All that is needed is the first stretch of the listing below, repeated exactly and ending with the line that contains "#1=APPLICATION_CONTEXT('core data for". Pictures are to be left out.

--*--

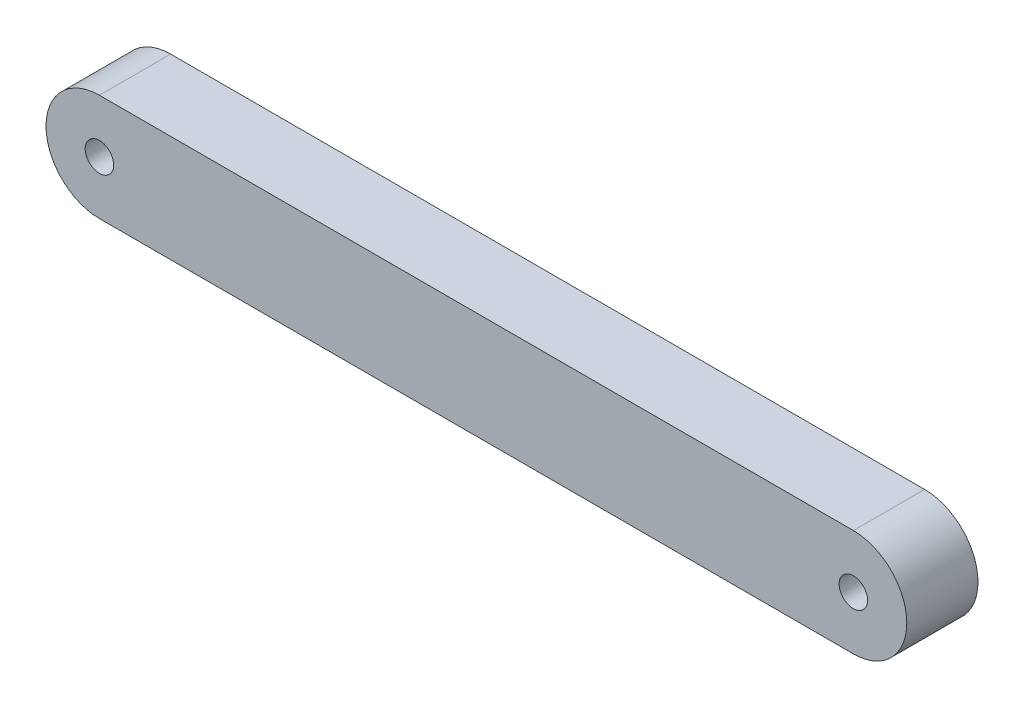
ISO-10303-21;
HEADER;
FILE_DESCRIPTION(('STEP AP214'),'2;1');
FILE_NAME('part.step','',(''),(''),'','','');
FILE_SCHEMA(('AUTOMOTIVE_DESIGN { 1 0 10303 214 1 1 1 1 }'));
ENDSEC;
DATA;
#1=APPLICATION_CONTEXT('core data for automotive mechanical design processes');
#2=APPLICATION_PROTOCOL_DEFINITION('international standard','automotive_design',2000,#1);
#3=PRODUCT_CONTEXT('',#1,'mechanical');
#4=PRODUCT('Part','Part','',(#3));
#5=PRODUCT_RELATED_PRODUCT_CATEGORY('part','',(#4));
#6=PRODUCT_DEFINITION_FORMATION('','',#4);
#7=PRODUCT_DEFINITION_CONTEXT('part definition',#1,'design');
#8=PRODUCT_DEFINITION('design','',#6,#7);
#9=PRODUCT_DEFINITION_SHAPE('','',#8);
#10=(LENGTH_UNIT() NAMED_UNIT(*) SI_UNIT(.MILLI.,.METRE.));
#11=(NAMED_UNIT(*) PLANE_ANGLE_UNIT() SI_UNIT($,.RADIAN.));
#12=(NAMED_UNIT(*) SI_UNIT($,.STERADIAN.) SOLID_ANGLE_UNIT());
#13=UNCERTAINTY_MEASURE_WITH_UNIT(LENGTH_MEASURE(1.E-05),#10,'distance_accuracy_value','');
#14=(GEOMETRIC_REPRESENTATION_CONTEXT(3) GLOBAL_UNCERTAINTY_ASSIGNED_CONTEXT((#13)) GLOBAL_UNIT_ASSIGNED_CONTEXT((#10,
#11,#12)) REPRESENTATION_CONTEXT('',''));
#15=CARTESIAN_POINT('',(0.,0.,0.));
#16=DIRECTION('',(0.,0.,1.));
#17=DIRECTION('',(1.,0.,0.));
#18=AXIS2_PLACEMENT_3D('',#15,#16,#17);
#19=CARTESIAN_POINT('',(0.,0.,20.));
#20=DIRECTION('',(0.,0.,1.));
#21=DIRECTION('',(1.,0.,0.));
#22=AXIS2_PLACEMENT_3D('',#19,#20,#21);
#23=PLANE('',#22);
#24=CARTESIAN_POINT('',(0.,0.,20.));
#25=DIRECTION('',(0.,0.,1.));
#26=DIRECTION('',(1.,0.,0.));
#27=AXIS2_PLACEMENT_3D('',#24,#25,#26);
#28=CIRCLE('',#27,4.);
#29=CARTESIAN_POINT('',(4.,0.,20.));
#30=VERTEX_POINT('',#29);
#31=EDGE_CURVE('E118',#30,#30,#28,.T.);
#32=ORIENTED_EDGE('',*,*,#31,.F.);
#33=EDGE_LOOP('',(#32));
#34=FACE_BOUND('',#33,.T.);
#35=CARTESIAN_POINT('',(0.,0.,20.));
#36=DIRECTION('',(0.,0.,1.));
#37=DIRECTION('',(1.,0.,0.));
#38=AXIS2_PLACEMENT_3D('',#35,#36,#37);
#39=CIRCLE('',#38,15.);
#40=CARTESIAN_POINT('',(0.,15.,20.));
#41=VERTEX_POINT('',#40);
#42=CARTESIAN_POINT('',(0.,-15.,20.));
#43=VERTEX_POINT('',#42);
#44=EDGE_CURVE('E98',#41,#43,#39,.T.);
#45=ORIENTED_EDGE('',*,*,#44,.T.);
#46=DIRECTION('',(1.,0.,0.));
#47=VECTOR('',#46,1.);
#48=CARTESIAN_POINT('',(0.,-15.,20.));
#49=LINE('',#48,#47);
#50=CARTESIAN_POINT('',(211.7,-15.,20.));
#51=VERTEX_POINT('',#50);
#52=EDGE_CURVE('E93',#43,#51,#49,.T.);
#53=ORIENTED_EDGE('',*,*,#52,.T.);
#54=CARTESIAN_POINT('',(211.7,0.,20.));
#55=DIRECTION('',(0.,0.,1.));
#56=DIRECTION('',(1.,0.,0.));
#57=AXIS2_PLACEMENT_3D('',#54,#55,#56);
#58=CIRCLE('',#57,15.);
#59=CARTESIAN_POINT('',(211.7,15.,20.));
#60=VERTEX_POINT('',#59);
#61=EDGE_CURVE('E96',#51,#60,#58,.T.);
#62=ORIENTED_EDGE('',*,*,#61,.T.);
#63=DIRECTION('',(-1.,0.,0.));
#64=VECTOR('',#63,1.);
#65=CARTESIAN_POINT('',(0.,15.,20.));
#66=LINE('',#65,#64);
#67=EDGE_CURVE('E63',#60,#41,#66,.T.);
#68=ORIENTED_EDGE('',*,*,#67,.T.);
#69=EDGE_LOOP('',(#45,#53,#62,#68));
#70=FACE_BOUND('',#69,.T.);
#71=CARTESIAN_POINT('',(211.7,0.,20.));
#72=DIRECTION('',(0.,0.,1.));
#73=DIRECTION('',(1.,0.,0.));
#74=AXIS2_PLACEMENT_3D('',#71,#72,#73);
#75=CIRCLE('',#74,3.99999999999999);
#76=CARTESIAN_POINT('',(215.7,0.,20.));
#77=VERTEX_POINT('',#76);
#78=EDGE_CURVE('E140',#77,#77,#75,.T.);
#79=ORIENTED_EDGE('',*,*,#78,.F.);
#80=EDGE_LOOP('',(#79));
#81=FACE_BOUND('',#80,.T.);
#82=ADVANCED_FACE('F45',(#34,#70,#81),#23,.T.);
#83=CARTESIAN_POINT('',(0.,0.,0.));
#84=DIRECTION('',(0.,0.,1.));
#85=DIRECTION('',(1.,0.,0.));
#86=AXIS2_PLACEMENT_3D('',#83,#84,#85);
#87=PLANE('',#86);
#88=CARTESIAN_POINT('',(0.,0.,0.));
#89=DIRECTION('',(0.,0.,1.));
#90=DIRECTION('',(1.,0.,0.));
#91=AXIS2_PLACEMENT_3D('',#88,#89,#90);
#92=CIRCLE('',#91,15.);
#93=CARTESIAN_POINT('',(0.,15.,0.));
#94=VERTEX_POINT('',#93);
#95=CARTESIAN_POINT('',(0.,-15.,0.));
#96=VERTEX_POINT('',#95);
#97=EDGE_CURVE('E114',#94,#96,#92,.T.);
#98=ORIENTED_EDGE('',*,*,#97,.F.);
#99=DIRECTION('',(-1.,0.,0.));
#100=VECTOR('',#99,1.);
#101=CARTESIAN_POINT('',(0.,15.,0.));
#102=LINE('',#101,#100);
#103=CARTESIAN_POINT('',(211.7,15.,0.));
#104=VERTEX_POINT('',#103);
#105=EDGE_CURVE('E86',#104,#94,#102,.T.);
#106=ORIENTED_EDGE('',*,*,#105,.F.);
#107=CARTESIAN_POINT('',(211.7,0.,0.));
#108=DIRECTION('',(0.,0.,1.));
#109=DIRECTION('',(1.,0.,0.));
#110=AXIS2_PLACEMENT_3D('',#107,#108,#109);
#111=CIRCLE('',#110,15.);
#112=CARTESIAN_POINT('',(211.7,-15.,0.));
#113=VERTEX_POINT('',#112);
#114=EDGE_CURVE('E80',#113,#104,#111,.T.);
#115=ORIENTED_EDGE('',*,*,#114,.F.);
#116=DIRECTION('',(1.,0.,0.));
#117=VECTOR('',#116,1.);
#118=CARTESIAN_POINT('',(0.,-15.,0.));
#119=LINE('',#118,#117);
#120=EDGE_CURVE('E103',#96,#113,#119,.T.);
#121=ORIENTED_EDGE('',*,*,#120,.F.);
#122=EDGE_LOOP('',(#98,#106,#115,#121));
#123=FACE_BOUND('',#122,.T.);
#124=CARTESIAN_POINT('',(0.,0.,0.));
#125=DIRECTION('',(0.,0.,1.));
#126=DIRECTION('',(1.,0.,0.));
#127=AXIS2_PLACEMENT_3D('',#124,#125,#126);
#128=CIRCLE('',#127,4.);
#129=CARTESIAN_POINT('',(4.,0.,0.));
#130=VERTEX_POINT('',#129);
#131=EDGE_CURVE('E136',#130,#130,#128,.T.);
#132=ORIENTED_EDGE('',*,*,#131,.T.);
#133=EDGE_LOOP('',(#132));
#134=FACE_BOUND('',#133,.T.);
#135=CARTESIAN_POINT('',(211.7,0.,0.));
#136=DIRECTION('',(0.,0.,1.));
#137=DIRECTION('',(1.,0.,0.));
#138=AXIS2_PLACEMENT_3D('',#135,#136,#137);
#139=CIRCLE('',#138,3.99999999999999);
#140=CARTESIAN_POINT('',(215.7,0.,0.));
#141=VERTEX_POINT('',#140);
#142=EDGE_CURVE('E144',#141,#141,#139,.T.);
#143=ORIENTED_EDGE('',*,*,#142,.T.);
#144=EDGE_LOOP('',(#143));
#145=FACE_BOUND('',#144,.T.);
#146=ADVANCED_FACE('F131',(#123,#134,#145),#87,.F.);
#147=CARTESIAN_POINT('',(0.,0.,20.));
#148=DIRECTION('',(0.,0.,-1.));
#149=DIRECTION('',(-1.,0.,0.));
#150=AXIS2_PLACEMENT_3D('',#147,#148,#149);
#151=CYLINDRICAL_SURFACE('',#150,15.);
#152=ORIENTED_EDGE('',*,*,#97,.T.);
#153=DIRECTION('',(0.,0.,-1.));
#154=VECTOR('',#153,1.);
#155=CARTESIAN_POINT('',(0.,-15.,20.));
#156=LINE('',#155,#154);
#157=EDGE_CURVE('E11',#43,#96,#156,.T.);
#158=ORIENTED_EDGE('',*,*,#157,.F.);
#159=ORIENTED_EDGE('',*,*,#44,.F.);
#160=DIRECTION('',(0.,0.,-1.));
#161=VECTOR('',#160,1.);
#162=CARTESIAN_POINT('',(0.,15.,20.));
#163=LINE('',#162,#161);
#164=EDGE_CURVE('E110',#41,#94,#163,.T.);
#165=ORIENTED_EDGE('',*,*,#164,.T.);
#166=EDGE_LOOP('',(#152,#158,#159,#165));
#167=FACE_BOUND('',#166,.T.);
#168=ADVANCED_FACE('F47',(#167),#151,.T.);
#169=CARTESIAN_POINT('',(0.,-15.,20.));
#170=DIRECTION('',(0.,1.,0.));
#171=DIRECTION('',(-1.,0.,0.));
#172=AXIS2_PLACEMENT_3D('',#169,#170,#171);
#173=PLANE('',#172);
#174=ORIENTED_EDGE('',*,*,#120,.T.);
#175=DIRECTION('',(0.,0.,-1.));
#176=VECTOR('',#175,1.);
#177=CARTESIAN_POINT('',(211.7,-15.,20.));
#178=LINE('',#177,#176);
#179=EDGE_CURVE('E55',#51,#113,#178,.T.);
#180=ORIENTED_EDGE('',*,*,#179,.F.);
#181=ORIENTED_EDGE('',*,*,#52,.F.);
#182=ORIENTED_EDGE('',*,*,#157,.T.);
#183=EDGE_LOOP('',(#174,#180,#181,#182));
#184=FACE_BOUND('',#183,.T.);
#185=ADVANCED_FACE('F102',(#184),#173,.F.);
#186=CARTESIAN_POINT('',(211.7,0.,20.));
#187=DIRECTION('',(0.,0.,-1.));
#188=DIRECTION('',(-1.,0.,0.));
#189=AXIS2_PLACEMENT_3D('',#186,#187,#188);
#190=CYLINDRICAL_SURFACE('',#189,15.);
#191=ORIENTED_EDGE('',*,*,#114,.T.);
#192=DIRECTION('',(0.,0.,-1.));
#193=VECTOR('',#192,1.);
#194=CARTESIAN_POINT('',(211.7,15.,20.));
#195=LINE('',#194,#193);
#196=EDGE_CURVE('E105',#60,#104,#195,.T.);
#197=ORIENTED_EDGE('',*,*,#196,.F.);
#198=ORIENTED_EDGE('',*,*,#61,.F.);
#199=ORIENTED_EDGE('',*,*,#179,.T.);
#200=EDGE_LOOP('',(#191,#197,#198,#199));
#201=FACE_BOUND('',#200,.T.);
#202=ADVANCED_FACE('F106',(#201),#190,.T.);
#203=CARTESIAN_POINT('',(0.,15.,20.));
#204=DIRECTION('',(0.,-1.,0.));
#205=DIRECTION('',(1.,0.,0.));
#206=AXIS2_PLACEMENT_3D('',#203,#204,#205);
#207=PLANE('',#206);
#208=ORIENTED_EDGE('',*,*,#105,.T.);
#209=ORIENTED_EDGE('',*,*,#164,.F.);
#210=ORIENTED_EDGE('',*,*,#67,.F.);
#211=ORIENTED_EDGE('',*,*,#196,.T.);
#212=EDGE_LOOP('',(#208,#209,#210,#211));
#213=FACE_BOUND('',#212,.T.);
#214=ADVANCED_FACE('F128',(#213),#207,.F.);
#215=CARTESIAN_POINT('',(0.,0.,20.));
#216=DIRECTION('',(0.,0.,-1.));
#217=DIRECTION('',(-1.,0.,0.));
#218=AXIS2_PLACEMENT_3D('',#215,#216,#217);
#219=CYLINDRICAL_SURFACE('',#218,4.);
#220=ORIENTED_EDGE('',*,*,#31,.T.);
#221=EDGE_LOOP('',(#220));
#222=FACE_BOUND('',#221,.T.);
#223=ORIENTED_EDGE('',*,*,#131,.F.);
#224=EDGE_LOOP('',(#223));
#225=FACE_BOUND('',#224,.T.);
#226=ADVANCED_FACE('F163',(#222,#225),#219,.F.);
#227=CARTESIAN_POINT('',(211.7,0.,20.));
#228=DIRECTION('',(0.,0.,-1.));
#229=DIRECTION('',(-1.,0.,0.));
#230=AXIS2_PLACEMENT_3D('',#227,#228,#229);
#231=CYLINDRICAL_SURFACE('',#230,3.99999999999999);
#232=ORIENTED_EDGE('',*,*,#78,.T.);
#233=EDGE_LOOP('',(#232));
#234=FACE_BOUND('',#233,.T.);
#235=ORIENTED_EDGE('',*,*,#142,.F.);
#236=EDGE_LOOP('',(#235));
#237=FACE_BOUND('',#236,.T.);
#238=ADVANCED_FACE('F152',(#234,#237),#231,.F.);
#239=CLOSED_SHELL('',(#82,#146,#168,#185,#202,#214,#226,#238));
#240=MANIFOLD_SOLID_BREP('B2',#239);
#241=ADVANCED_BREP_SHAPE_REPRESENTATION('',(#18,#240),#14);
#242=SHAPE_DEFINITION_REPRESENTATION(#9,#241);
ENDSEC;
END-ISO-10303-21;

--*--

Solution =>
ISO-10303-21;
HEADER;
FILE_DESCRIPTION(('STEP AP214'),'2;1');
FILE_NAME('part.step','',(''),(''),'','','');
FILE_SCHEMA(('AUTOMOTIVE_DESIGN { 1 0 10303 214 1 1 1 1 }'));
ENDSEC;
DATA;
#1=APPLICATION_CONTEXT('core data for automotive mechanical design processes');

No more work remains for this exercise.